For the fullest experience using this software, it has some serious hardware requirements that you should make sure you can meet. It is VRAM hungry – this is from your GPU – but you may be able to make it work if you have a significant amount of RAM, as by default up to 50% of it will be provided as shared GPU memory.
You’ll need a total of 32GB available GPU memory. This can either be dedicated VRAM (e.g., an NVIDIA Tesla V100 workstation GPU), or a combination of VRAM and 50% system RAM (e.g., 16GB GPU, and 32GB of total system RAM).
However, if you do not have this much memory available, VoiceCraft’s kvcache
setting can make it possible to run simpler activities, including voice cloning, with 8GB total GPU memory. In my own testing, kvcache
did not affect the speed of voice cloning.
Final caveat, some features may also work fine purely on your CPU, but I gave up testing it after 7 minutes of it pegging 8 cores at 100% on an AMD Ryzen 7. For comparison, my GPU completes the demo workbook in 35 seconds.
Last of all you’ll need at least 16GB of free disk space.
Setup
You’re going to need to,
- Install Docker Desktop
- Enable Docker Desktop WSL2
- Build and run VoiceCraft container
Docker Desktop
Follow the official installation docs here: https://docs.docker.com/desktop/install/windows-install/
Ensure Docker is installed properly by running docker version
in PowerShell.
Enable Docker Desktop WSL2
Follow the official setup docs here: https://docs.docker.com/desktop/wsl/#turn-on-docker-desktop-wsl-2
Once complete, ensure your GPU works with Docker: https://docs.docker.com/desktop/gpu/
Build and run VoiceCraft container
To build the VoiceCraft container download and extract a zip of the master branch, either visit the repository on github.com and download from the Download ZIP link in the green Code button, or click here: https://github.com/jasonppy/VoiceCraft/archive/refs/heads/master.zip
Follow the QuickStart Docker section or these abridged instructions:
cd VoiceCraft
docker build --tag "voicecraft" .
start-jupyter.bat
After some time the JupyterLab web interface will be available at http://localhost:8888 and you can get started.
Usage
We’ll take a look at using VoiceCraft for speech cloning by using the existing TTS inference notebook provided in the repo. Once you’ve successfully accessed the web interface, open the work
directory from the left hand file browser and open inference_tts.ipynb
by double clicking it. In the new tab that opens you should see the title “VoiceCraft Inference Text To Speech Demo.” This workbook is a python script broken into “cells” that need to be run in sequential order.
The first thing that may trip you up if you’re not used to Jupyter is setting the “kernel.” In the upper right of the workbook click on “Python 3 (ipykernel)” and choose “voicecraft” in the resulting dialog box.

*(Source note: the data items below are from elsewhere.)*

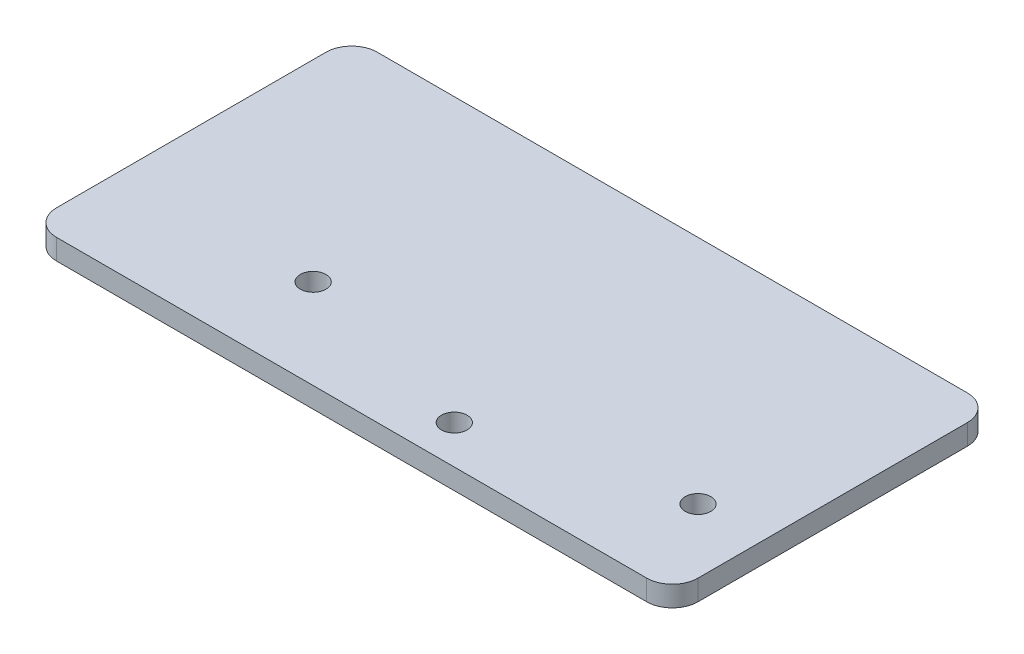
ISO-10303-21;
HEADER;
FILE_DESCRIPTION(('STEP AP214'),'2;1');
FILE_NAME('part.step','',(''),(''),'','','');
FILE_SCHEMA(('AUTOMOTIVE_DESIGN { 1 0 10303 214 1 1 1 1 }'));
ENDSEC;
DATA;
#1=APPLICATION_CONTEXT('core data for automotive mechanical design processes');
#2=APPLICATION_PROTOCOL_DEFINITION('international standard','automotive_design',2000,#1);
#3=PRODUCT_CONTEXT('',#1,'mechanical');
#4=PRODUCT('Part','Part','',(#3));
#5=PRODUCT_RELATED_PRODUCT_CATEGORY('part','',(#4));
#6=PRODUCT_DEFINITION_FORMATION('','',#4);
#7=PRODUCT_DEFINITION_CONTEXT('part definition',#1,'design');
#8=PRODUCT_DEFINITION('design','',#6,#7);
#9=PRODUCT_DEFINITION_SHAPE('','',#8);
#10=(LENGTH_UNIT() NAMED_UNIT(*) SI_UNIT(.MILLI.,.METRE.));
#11=(NAMED_UNIT(*) PLANE_ANGLE_UNIT() SI_UNIT($,.RADIAN.));
#12=(NAMED_UNIT(*) SI_UNIT($,.STERADIAN.) SOLID_ANGLE_UNIT());
#13=UNCERTAINTY_MEASURE_WITH_UNIT(LENGTH_MEASURE(1.E-05),#10,'distance_accuracy_value','');
#14=(GEOMETRIC_REPRESENTATION_CONTEXT(3) GLOBAL_UNCERTAINTY_ASSIGNED_CONTEXT((#13)) GLOBAL_UNIT_ASSIGNED_CONTEXT((#10,
#11,#12)) REPRESENTATION_CONTEXT('',''));
#15=CARTESIAN_POINT('',(0.,0.,0.));
#16=DIRECTION('',(0.,0.,1.));
#17=DIRECTION('',(1.,0.,0.));
#18=AXIS2_PLACEMENT_3D('',#15,#16,#17);
#19=CARTESIAN_POINT('',(0.,1.6,0.));
#20=DIRECTION('',(0.,-1.,0.));
#21=DIRECTION('',(0.,0.,-1.));
#22=AXIS2_PLACEMENT_3D('',#19,#20,#21);
#23=PLANE('',#22);
#24=DIRECTION('',(-1.,0.,0.));
#25=VECTOR('',#24,1.);
#26=CARTESIAN_POINT('',(-25.,1.6,-12.5));
#27=LINE('',#26,#25);
#28=CARTESIAN_POINT('',(23.,1.6,-12.5));
#29=VERTEX_POINT('',#28);
#30=CARTESIAN_POINT('',(-23.,1.6,-12.5));
#31=VERTEX_POINT('',#30);
#32=EDGE_CURVE('E178',#29,#31,#27,.T.);
#33=ORIENTED_EDGE('',*,*,#32,.T.);
#34=CARTESIAN_POINT('',(-23.,1.6,-10.5));
#35=DIRECTION('',(0.,-1.,0.));
#36=DIRECTION('',(0.,0.,-1.));
#37=AXIS2_PLACEMENT_3D('',#34,#35,#36);
#38=CIRCLE('',#37,2.);
#39=CARTESIAN_POINT('',(-25.,1.6,-10.5));
#40=VERTEX_POINT('',#39);
#41=EDGE_CURVE('E155',#31,#40,#38,.F.);
#42=ORIENTED_EDGE('',*,*,#41,.T.);
#43=DIRECTION('',(0.,0.,1.));
#44=VECTOR('',#43,1.);
#45=CARTESIAN_POINT('',(-25.,1.6,12.5));
#46=LINE('',#45,#44);
#47=CARTESIAN_POINT('',(-25.,1.6,10.5));
#48=VERTEX_POINT('',#47);
#49=EDGE_CURVE('E125',#40,#48,#46,.T.);
#50=ORIENTED_EDGE('',*,*,#49,.T.);
#51=CARTESIAN_POINT('',(-23.,1.6,10.5));
#52=DIRECTION('',(0.,-1.,0.));
#53=DIRECTION('',(0.,0.,-1.));
#54=AXIS2_PLACEMENT_3D('',#51,#52,#53);
#55=CIRCLE('',#54,2.);
#56=CARTESIAN_POINT('',(-23.,1.6,12.5));
#57=VERTEX_POINT('',#56);
#58=EDGE_CURVE('E62',#48,#57,#55,.F.);
#59=ORIENTED_EDGE('',*,*,#58,.T.);
#60=DIRECTION('',(1.,0.,0.));
#61=VECTOR('',#60,1.);
#62=CARTESIAN_POINT('',(-25.,1.6,12.5));
#63=LINE('',#62,#61);
#64=CARTESIAN_POINT('',(23.,1.6,12.5));
#65=VERTEX_POINT('',#64);
#66=EDGE_CURVE('E141',#57,#65,#63,.T.);
#67=ORIENTED_EDGE('',*,*,#66,.T.);
#68=CARTESIAN_POINT('',(23.,1.6,10.5));
#69=DIRECTION('',(0.,-1.,0.));
#70=DIRECTION('',(0.,0.,-1.));
#71=AXIS2_PLACEMENT_3D('',#68,#69,#70);
#72=CIRCLE('',#71,2.);
#73=CARTESIAN_POINT('',(25.,1.6,10.5));
#74=VERTEX_POINT('',#73);
#75=EDGE_CURVE('E150',#65,#74,#72,.F.);
#76=ORIENTED_EDGE('',*,*,#75,.T.);
#77=DIRECTION('',(0.,0.,-1.));
#78=VECTOR('',#77,1.);
#79=CARTESIAN_POINT('',(25.,1.6,12.5));
#80=LINE('',#79,#78);
#81=CARTESIAN_POINT('',(25.,1.6,-10.5));
#82=VERTEX_POINT('',#81);
#83=EDGE_CURVE('E135',#74,#82,#80,.T.);
#84=ORIENTED_EDGE('',*,*,#83,.T.);
#85=CARTESIAN_POINT('',(23.,1.6,-10.5));
#86=DIRECTION('',(0.,-1.,0.));
#87=DIRECTION('',(0.,0.,-1.));
#88=AXIS2_PLACEMENT_3D('',#85,#86,#87);
#89=CIRCLE('',#88,2.);
#90=EDGE_CURVE('E152',#82,#29,#89,.F.);
#91=ORIENTED_EDGE('',*,*,#90,.T.);
#92=EDGE_LOOP('',(#33,#42,#50,#59,#67,#76,#84,#91));
#93=FACE_BOUND('',#92,.T.);
#94=CARTESIAN_POINT('',(-10.,1.6,5.5));
#95=DIRECTION('',(0.,1.,0.));
#96=DIRECTION('',(0.,0.,1.));
#97=AXIS2_PLACEMENT_3D('',#94,#95,#96);
#98=CIRCLE('',#97,1.);
#99=CARTESIAN_POINT('',(-10.,1.6,6.5));
#100=VERTEX_POINT('',#99);
#101=EDGE_CURVE('E171',#100,#100,#98,.T.);
#102=ORIENTED_EDGE('',*,*,#101,.F.);
#103=EDGE_LOOP('',(#102));
#104=FACE_BOUND('',#103,.T.);
#105=CARTESIAN_POINT('',(20.,1.6,5.5));
#106=DIRECTION('',(0.,1.,0.));
#107=DIRECTION('',(0.,0.,1.));
#108=AXIS2_PLACEMENT_3D('',#105,#106,#107);
#109=CIRCLE('',#108,1.);
#110=CARTESIAN_POINT('',(20.,1.6,6.5));
#111=VERTEX_POINT('',#110);
#112=EDGE_CURVE('E183',#111,#111,#109,.T.);
#113=ORIENTED_EDGE('',*,*,#112,.F.);
#114=EDGE_LOOP('',(#113));
#115=FACE_BOUND('',#114,.T.);
#116=CARTESIAN_POINT('',(5.,1.6,9.5));
#117=DIRECTION('',(0.,1.,0.));
#118=DIRECTION('',(0.,0.,1.));
#119=AXIS2_PLACEMENT_3D('',#116,#117,#118);
#120=CIRCLE('',#119,1.);
#121=CARTESIAN_POINT('',(5.,1.6,10.5));
#122=VERTEX_POINT('',#121);
#123=EDGE_CURVE('E188',#122,#122,#120,.T.);
#124=ORIENTED_EDGE('',*,*,#123,.F.);
#125=EDGE_LOOP('',(#124));
#126=FACE_BOUND('',#125,.T.);
#127=ADVANCED_FACE('F40',(#93,#104,#115,#126),#23,.F.);
#128=CARTESIAN_POINT('',(0.,0.,0.));
#129=DIRECTION('',(0.,-1.,0.));
#130=DIRECTION('',(0.,0.,-1.));
#131=AXIS2_PLACEMENT_3D('',#128,#129,#130);
#132=PLANE('',#131);
#133=CARTESIAN_POINT('',(20.,0.,5.5));
#134=DIRECTION('',(0.,1.,0.));
#135=DIRECTION('',(0.,0.,1.));
#136=AXIS2_PLACEMENT_3D('',#133,#134,#135);
#137=CIRCLE('',#136,1.);
#138=CARTESIAN_POINT('',(20.,0.,6.5));
#139=VERTEX_POINT('',#138);
#140=EDGE_CURVE('E185',#139,#139,#137,.T.);
#141=ORIENTED_EDGE('',*,*,#140,.T.);
#142=EDGE_LOOP('',(#141));
#143=FACE_BOUND('',#142,.T.);
#144=DIRECTION('',(0.,0.,1.));
#145=VECTOR('',#144,1.);
#146=CARTESIAN_POINT('',(-25.,0.,12.5));
#147=LINE('',#146,#145);
#148=CARTESIAN_POINT('',(-25.,0.,-10.5));
#149=VERTEX_POINT('',#148);
#150=CARTESIAN_POINT('',(-25.,0.,10.5));
#151=VERTEX_POINT('',#150);
#152=EDGE_CURVE('E123',#149,#151,#147,.T.);
#153=ORIENTED_EDGE('',*,*,#152,.F.);
#154=CARTESIAN_POINT('',(-23.,0.,-10.5));
#155=DIRECTION('',(0.,-1.,0.));
#156=DIRECTION('',(0.,0.,-1.));
#157=AXIS2_PLACEMENT_3D('',#154,#155,#156);
#158=CIRCLE('',#157,2.);
#159=CARTESIAN_POINT('',(-23.,0.,-12.5));
#160=VERTEX_POINT('',#159);
#161=EDGE_CURVE('E106',#149,#160,#158,.T.);
#162=ORIENTED_EDGE('',*,*,#161,.T.);
#163=DIRECTION('',(-1.,0.,0.));
#164=VECTOR('',#163,1.);
#165=CARTESIAN_POINT('',(-25.,0.,-12.5));
#166=LINE('',#165,#164);
#167=CARTESIAN_POINT('',(23.,0.,-12.5));
#168=VERTEX_POINT('',#167);
#169=EDGE_CURVE('E133',#168,#160,#166,.T.);
#170=ORIENTED_EDGE('',*,*,#169,.F.);
#171=CARTESIAN_POINT('',(23.,0.,-10.5));
#172=DIRECTION('',(0.,-1.,0.));
#173=DIRECTION('',(0.,0.,-1.));
#174=AXIS2_PLACEMENT_3D('',#171,#172,#173);
#175=CIRCLE('',#174,2.);
#176=CARTESIAN_POINT('',(25.,0.,-10.5));
#177=VERTEX_POINT('',#176);
#178=EDGE_CURVE('E144',#168,#177,#175,.T.);
#179=ORIENTED_EDGE('',*,*,#178,.T.);
#180=DIRECTION('',(0.,0.,-1.));
#181=VECTOR('',#180,1.);
#182=CARTESIAN_POINT('',(25.,0.,12.5));
#183=LINE('',#182,#181);
#184=CARTESIAN_POINT('',(25.,0.,10.5));
#185=VERTEX_POINT('',#184);
#186=EDGE_CURVE('E137',#185,#177,#183,.T.);
#187=ORIENTED_EDGE('',*,*,#186,.F.);
#188=CARTESIAN_POINT('',(23.,0.,10.5));
#189=DIRECTION('',(0.,-1.,0.));
#190=DIRECTION('',(0.,0.,-1.));
#191=AXIS2_PLACEMENT_3D('',#188,#189,#190);
#192=CIRCLE('',#191,2.);
#193=CARTESIAN_POINT('',(23.,0.,12.5));
#194=VERTEX_POINT('',#193);
#195=EDGE_CURVE('E126',#185,#194,#192,.T.);
#196=ORIENTED_EDGE('',*,*,#195,.T.);
#197=DIRECTION('',(1.,0.,0.));
#198=VECTOR('',#197,1.);
#199=CARTESIAN_POINT('',(-25.,0.,12.5));
#200=LINE('',#199,#198);
#201=CARTESIAN_POINT('',(-23.,0.,12.5));
#202=VERTEX_POINT('',#201);
#203=EDGE_CURVE('E132',#202,#194,#200,.T.);
#204=ORIENTED_EDGE('',*,*,#203,.F.);
#205=CARTESIAN_POINT('',(-23.,0.,10.5));
#206=DIRECTION('',(0.,-1.,0.));
#207=DIRECTION('',(0.,0.,-1.));
#208=AXIS2_PLACEMENT_3D('',#205,#206,#207);
#209=CIRCLE('',#208,2.);
#210=EDGE_CURVE('E117',#202,#151,#209,.T.);
#211=ORIENTED_EDGE('',*,*,#210,.T.);
#212=EDGE_LOOP('',(#153,#162,#170,#179,#187,#196,#204,#211));
#213=FACE_BOUND('',#212,.T.);
#214=CARTESIAN_POINT('',(-10.,0.,5.5));
#215=DIRECTION('',(0.,1.,0.));
#216=DIRECTION('',(0.,0.,1.));
#217=AXIS2_PLACEMENT_3D('',#214,#215,#216);
#218=CIRCLE('',#217,1.);
#219=CARTESIAN_POINT('',(-10.,0.,6.5));
#220=VERTEX_POINT('',#219);
#221=EDGE_CURVE('E173',#220,#220,#218,.T.);
#222=ORIENTED_EDGE('',*,*,#221,.T.);
#223=EDGE_LOOP('',(#222));
#224=FACE_BOUND('',#223,.T.);
#225=CARTESIAN_POINT('',(5.,0.,9.5));
#226=DIRECTION('',(0.,1.,0.));
#227=DIRECTION('',(0.,0.,1.));
#228=AXIS2_PLACEMENT_3D('',#225,#226,#227);
#229=CIRCLE('',#228,1.);
#230=CARTESIAN_POINT('',(5.,0.,10.5));
#231=VERTEX_POINT('',#230);
#232=EDGE_CURVE('E191',#231,#231,#229,.T.);
#233=ORIENTED_EDGE('',*,*,#232,.T.);
#234=EDGE_LOOP('',(#233));
#235=FACE_BOUND('',#234,.T.);
#236=ADVANCED_FACE('F129',(#143,#213,#224,#235),#132,.T.);
#237=CARTESIAN_POINT('',(25.,1.6,12.5));
#238=DIRECTION('',(-1.,0.,0.));
#239=DIRECTION('',(0.,0.,1.));
#240=AXIS2_PLACEMENT_3D('',#237,#238,#239);
#241=PLANE('',#240);
#242=ORIENTED_EDGE('',*,*,#186,.T.);
#243=DIRECTION('',(0.,-1.,0.));
#244=VECTOR('',#243,1.);
#245=CARTESIAN_POINT('',(25.,1.6,-10.5));
#246=LINE('',#245,#244);
#247=EDGE_CURVE('E11',#177,#82,#246,.F.);
#248=ORIENTED_EDGE('',*,*,#247,.T.);
#249=ORIENTED_EDGE('',*,*,#83,.F.);
#250=DIRECTION('',(0.,-1.,0.));
#251=VECTOR('',#250,1.);
#252=CARTESIAN_POINT('',(25.,1.6,10.5));
#253=LINE('',#252,#251);
#254=EDGE_CURVE('E48',#74,#185,#253,.T.);
#255=ORIENTED_EDGE('',*,*,#254,.T.);
#256=EDGE_LOOP('',(#242,#248,#249,#255));
#257=FACE_BOUND('',#256,.T.);
#258=ADVANCED_FACE('F166',(#257),#241,.F.);
#259=CARTESIAN_POINT('',(-25.,1.6,-12.5));
#260=DIRECTION('',(0.,0.,1.));
#261=DIRECTION('',(1.,0.,0.));
#262=AXIS2_PLACEMENT_3D('',#259,#260,#261);
#263=PLANE('',#262);
#264=ORIENTED_EDGE('',*,*,#169,.T.);
#265=DIRECTION('',(0.,-1.,0.));
#266=VECTOR('',#265,1.);
#267=CARTESIAN_POINT('',(-23.,1.6,-12.5));
#268=LINE('',#267,#266);
#269=EDGE_CURVE('E111',#160,#31,#268,.F.);
#270=ORIENTED_EDGE('',*,*,#269,.T.);
#271=ORIENTED_EDGE('',*,*,#32,.F.);
#272=DIRECTION('',(0.,-1.,0.));
#273=VECTOR('',#272,1.);
#274=CARTESIAN_POINT('',(23.,1.6,-12.5));
#275=LINE('',#274,#273);
#276=EDGE_CURVE('E116',#29,#168,#275,.T.);
#277=ORIENTED_EDGE('',*,*,#276,.T.);
#278=EDGE_LOOP('',(#264,#270,#271,#277));
#279=FACE_BOUND('',#278,.T.);
#280=ADVANCED_FACE('F217',(#279),#263,.F.);
#281=CARTESIAN_POINT('',(-25.,1.6,12.5));
#282=DIRECTION('',(1.,0.,0.));
#283=DIRECTION('',(0.,0.,-1.));
#284=AXIS2_PLACEMENT_3D('',#281,#282,#283);
#285=PLANE('',#284);
#286=ORIENTED_EDGE('',*,*,#49,.F.);
#287=DIRECTION('',(0.,-1.,0.));
#288=VECTOR('',#287,1.);
#289=CARTESIAN_POINT('',(-25.,1.6,-10.5));
#290=LINE('',#289,#288);
#291=EDGE_CURVE('E110',#40,#149,#290,.T.);
#292=ORIENTED_EDGE('',*,*,#291,.T.);
#293=ORIENTED_EDGE('',*,*,#152,.T.);
#294=DIRECTION('',(0.,-1.,0.));
#295=VECTOR('',#294,1.);
#296=CARTESIAN_POINT('',(-25.,1.6,10.5));
#297=LINE('',#296,#295);
#298=EDGE_CURVE('E127',#151,#48,#297,.F.);
#299=ORIENTED_EDGE('',*,*,#298,.T.);
#300=EDGE_LOOP('',(#286,#292,#293,#299));
#301=FACE_BOUND('',#300,.T.);
#302=ADVANCED_FACE('F122',(#301),#285,.F.);
#303=CARTESIAN_POINT('',(-25.,1.6,12.5));
#304=DIRECTION('',(0.,0.,-1.));
#305=DIRECTION('',(-1.,0.,0.));
#306=AXIS2_PLACEMENT_3D('',#303,#304,#305);
#307=PLANE('',#306);
#308=ORIENTED_EDGE('',*,*,#66,.F.);
#309=DIRECTION('',(0.,-1.,0.));
#310=VECTOR('',#309,1.);
#311=CARTESIAN_POINT('',(-23.,1.6,12.5));
#312=LINE('',#311,#310);
#313=EDGE_CURVE('E158',#57,#202,#312,.T.);
#314=ORIENTED_EDGE('',*,*,#313,.T.);
#315=ORIENTED_EDGE('',*,*,#203,.T.);
#316=DIRECTION('',(0.,-1.,0.));
#317=VECTOR('',#316,1.);
#318=CARTESIAN_POINT('',(23.,1.6,12.5));
#319=LINE('',#318,#317);
#320=EDGE_CURVE('E55',#194,#65,#319,.F.);
#321=ORIENTED_EDGE('',*,*,#320,.T.);
#322=EDGE_LOOP('',(#308,#314,#315,#321));
#323=FACE_BOUND('',#322,.T.);
#324=ADVANCED_FACE('F212',(#323),#307,.F.);
#325=CARTESIAN_POINT('',(-10.,1.6,5.5));
#326=DIRECTION('',(0.,-1.,0.));
#327=DIRECTION('',(0.,0.,-1.));
#328=AXIS2_PLACEMENT_3D('',#325,#326,#327);
#329=CYLINDRICAL_SURFACE('',#328,1.);
#330=ORIENTED_EDGE('',*,*,#101,.T.);
#331=EDGE_LOOP('',(#330));
#332=FACE_BOUND('',#331,.T.);
#333=ORIENTED_EDGE('',*,*,#221,.F.);
#334=EDGE_LOOP('',(#333));
#335=FACE_BOUND('',#334,.T.);
#336=ADVANCED_FACE('F209',(#332,#335),#329,.F.);
#337=CARTESIAN_POINT('',(20.,1.6,5.5));
#338=DIRECTION('',(0.,-1.,0.));
#339=DIRECTION('',(0.,0.,-1.));
#340=AXIS2_PLACEMENT_3D('',#337,#338,#339);
#341=CYLINDRICAL_SURFACE('',#340,1.);
#342=ORIENTED_EDGE('',*,*,#112,.T.);
#343=EDGE_LOOP('',(#342));
#344=FACE_BOUND('',#343,.T.);
#345=ORIENTED_EDGE('',*,*,#140,.F.);
#346=EDGE_LOOP('',(#345));
#347=FACE_BOUND('',#346,.T.);
#348=ADVANCED_FACE('F311',(#344,#347),#341,.F.);
#349=CARTESIAN_POINT('',(5.,1.6,9.5));
#350=DIRECTION('',(0.,-1.,0.));
#351=DIRECTION('',(0.,0.,-1.));
#352=AXIS2_PLACEMENT_3D('',#349,#350,#351);
#353=CYLINDRICAL_SURFACE('',#352,1.);
#354=ORIENTED_EDGE('',*,*,#123,.T.);
#355=EDGE_LOOP('',(#354));
#356=FACE_BOUND('',#355,.T.);
#357=ORIENTED_EDGE('',*,*,#232,.F.);
#358=EDGE_LOOP('',(#357));
#359=FACE_BOUND('',#358,.T.);
#360=ADVANCED_FACE('F197',(#356,#359),#353,.F.);
#361=CARTESIAN_POINT('',(-23.,1.6,-10.5));
#362=DIRECTION('',(0.,-1.,0.));
#363=DIRECTION('',(0.,0.,-1.));
#364=AXIS2_PLACEMENT_3D('',#361,#362,#363);
#365=CYLINDRICAL_SURFACE('',#364,2.);
#366=ORIENTED_EDGE('',*,*,#41,.F.);
#367=ORIENTED_EDGE('',*,*,#269,.F.);
#368=ORIENTED_EDGE('',*,*,#161,.F.);
#369=ORIENTED_EDGE('',*,*,#291,.F.);
#370=EDGE_LOOP('',(#366,#367,#368,#369));
#371=FACE_BOUND('',#370,.T.);
#372=ADVANCED_FACE('F109',(#371),#365,.T.);
#373=CARTESIAN_POINT('',(-23.,1.6,10.5));
#374=DIRECTION('',(0.,-1.,0.));
#375=DIRECTION('',(0.,0.,-1.));
#376=AXIS2_PLACEMENT_3D('',#373,#374,#375);
#377=CYLINDRICAL_SURFACE('',#376,2.);
#378=ORIENTED_EDGE('',*,*,#58,.F.);
#379=ORIENTED_EDGE('',*,*,#298,.F.);
#380=ORIENTED_EDGE('',*,*,#210,.F.);
#381=ORIENTED_EDGE('',*,*,#313,.F.);
#382=EDGE_LOOP('',(#378,#379,#380,#381));
#383=FACE_BOUND('',#382,.T.);
#384=ADVANCED_FACE('F225',(#383),#377,.T.);
#385=CARTESIAN_POINT('',(23.,1.6,-10.5));
#386=DIRECTION('',(0.,-1.,0.));
#387=DIRECTION('',(0.,0.,-1.));
#388=AXIS2_PLACEMENT_3D('',#385,#386,#387);
#389=CYLINDRICAL_SURFACE('',#388,2.);
#390=ORIENTED_EDGE('',*,*,#90,.F.);
#391=ORIENTED_EDGE('',*,*,#247,.F.);
#392=ORIENTED_EDGE('',*,*,#178,.F.);
#393=ORIENTED_EDGE('',*,*,#276,.F.);
#394=EDGE_LOOP('',(#390,#391,#392,#393));
#395=FACE_BOUND('',#394,.T.);
#396=ADVANCED_FACE('F227',(#395),#389,.T.);
#397=CARTESIAN_POINT('',(23.,1.6,10.5));
#398=DIRECTION('',(0.,-1.,0.));
#399=DIRECTION('',(0.,0.,-1.));
#400=AXIS2_PLACEMENT_3D('',#397,#398,#399);
#401=CYLINDRICAL_SURFACE('',#400,2.);
#402=ORIENTED_EDGE('',*,*,#75,.F.);
#403=ORIENTED_EDGE('',*,*,#320,.F.);
#404=ORIENTED_EDGE('',*,*,#195,.F.);
#405=ORIENTED_EDGE('',*,*,#254,.F.);
#406=EDGE_LOOP('',(#402,#403,#404,#405));
#407=FACE_BOUND('',#406,.T.);
#408=ADVANCED_FACE('F42',(#407),#401,.T.);
#409=CLOSED_SHELL('',(#127,#236,#258,#280,#302,#324,#336,#348,#360,#372,#384,#396,#408));
#410=MANIFOLD_SOLID_BREP('B2',#409);
#411=ADVANCED_BREP_SHAPE_REPRESENTATION('',(#18,#410),#14);
#412=SHAPE_DEFINITION_REPRESENTATION(#9,#411);
ENDSEC;
END-ISO-10303-21;

Next, we’ll walk through the relevant settings by cell. Note that each cell in the workbook has “[X]:” on its left side which is its cell number.
Configuration
Cell 1
os.environ["USER"] = "me"
Set this to your Windows username. If you’re unsure of this, in a PowerShell window run docker exec jupyter pwd
to double check what it has picked up and input what comes after /home/
Cell 4
orig_audio = "./demo/5895_34622_000026_000002.wav"
orig_transcript = "Gwynplaine had, besides, for his work and for his feats of strength, round his neck and over his shoulders, an esclavine of leather."
Here is where you define your input audio. You should be using a clip of clear speech under 10 seconds long with an accurate transcription.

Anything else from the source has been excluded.